Delicate Conversations: Is It Depression?

By Mary Ellen Sullivan

It may be among the toughest conversations you ever have to initiate. But when you think a colleague is in trouble it is worse, for both your friend and the firm, to avoid the issue. We’ve asked professionals in the know about how to approach a colleague and provide support when these delicate issues arise.

If Depression Has Become a Problem

“The legal profession has twice the rate of depression than other occupations,” says Dan Lukasik, “and its effects include lack of productivity, the loss of good people, disability and even suicide. It is in everyone’s best interest to address the problem constructively so that the person gets help and can remain productive.”

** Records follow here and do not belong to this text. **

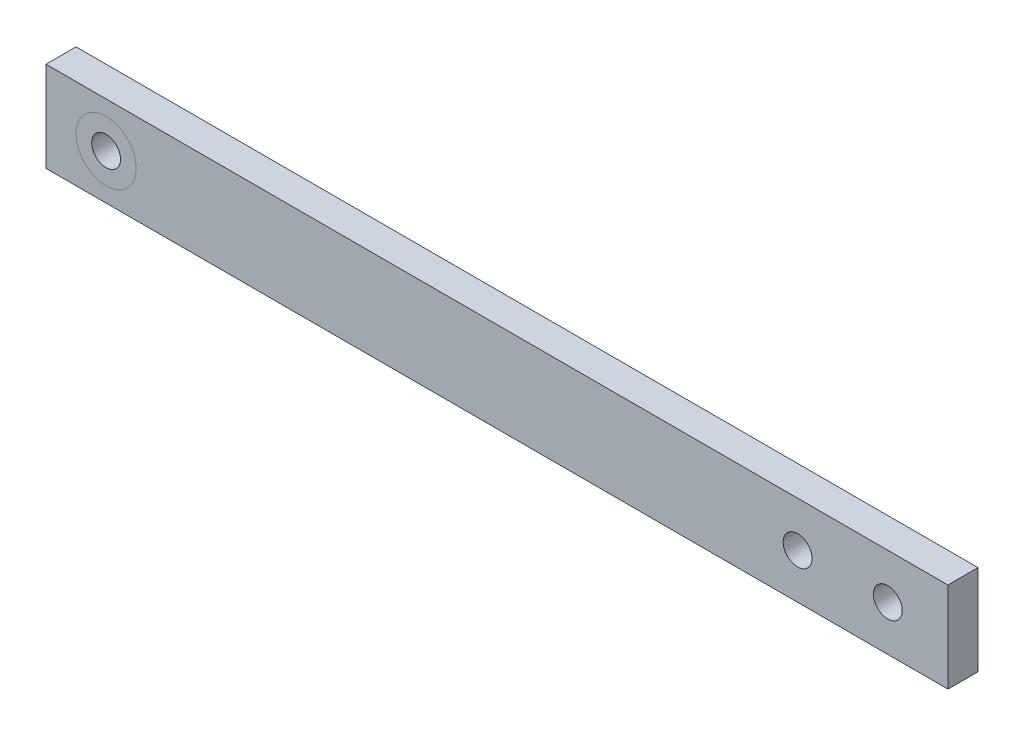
from build123d import *

# Parameters (mm, degrees)
SKETCH1_W          = 381
SKETCH1_H          = 38.1
EXTRUDE1_DEPTH     = 12.7
SKETCH2_R          = 6.1
CUT_EXTRUDE1_DEPTH = 384.110819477
SKETCH3_R          = 6.1
CUT_EXTRUDE2_DEPTH = 412.022135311
SKETCH4_R          = 6.1
CUT_EXTRUDE3_DEPTH = 384.110819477


with BuildPart() as part:
    # Sketch1 → Extrude1 (new body)
    with BuildSketch(Plane.XY):
        with Locations((190.5, 19.05)):
            Rectangle(SKETCH1_W, SKETCH1_H)
    extrude(amount=EXTRUDE1_DEPTH)

    # Sketch2 → Cut-Extrude1 (cut, through all)
    with BuildSketch(Plane.XY.offset(12.7)):
        with Locations((355.6, 19.05)):
            Circle(SKETCH2_R)
    extrude(amount=-CUT_EXTRUDE1_DEPTH, mode=Mode.SUBTRACT)

    # Sketch3 → Cut-Extrude2 (cut, through all)
    with BuildSketch(Plane(origin=(-27.787295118, -2.77606959, 12.7), x_dir=(1, 0, 0), z_dir=(0, 0, 1))):
        with Locations((345.287295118, 21.82606959)):
            Circle(SKETCH3_R)
    extrude(amount=-CUT_EXTRUDE2_DEPTH, mode=Mode.SUBTRACT)

    # Sketch4 → Cut-Extrude3 (cut, through all)
    with BuildSketch(Plane.XY.offset(12.7)):
        with Locations((25.4, 19.05)):
            Circle(SKETCH4_R)
    extrude(amount=-CUT_EXTRUDE3_DEPTH, mode=Mode.SUBTRACT)


solid = part.part

Lukasik is managing partner of Bernhardi Lukasik PLLC in Buffalo, New York, and founder of the website Lawyers with Depression. His best advice is to educate yourself before talking with your colleague. Learn the signs—the two most common involve a lack of ability to feel pleasure and persistent sadness that fails to resolve. Among the websites he recommends are the Depression and Bipolar Support Alliance  and the National Alliance for the Mentally Ill, as well as the book I Don’t Want to Talk About It: Overcoming the Secret Legacy of Male Depression by Terrence Real.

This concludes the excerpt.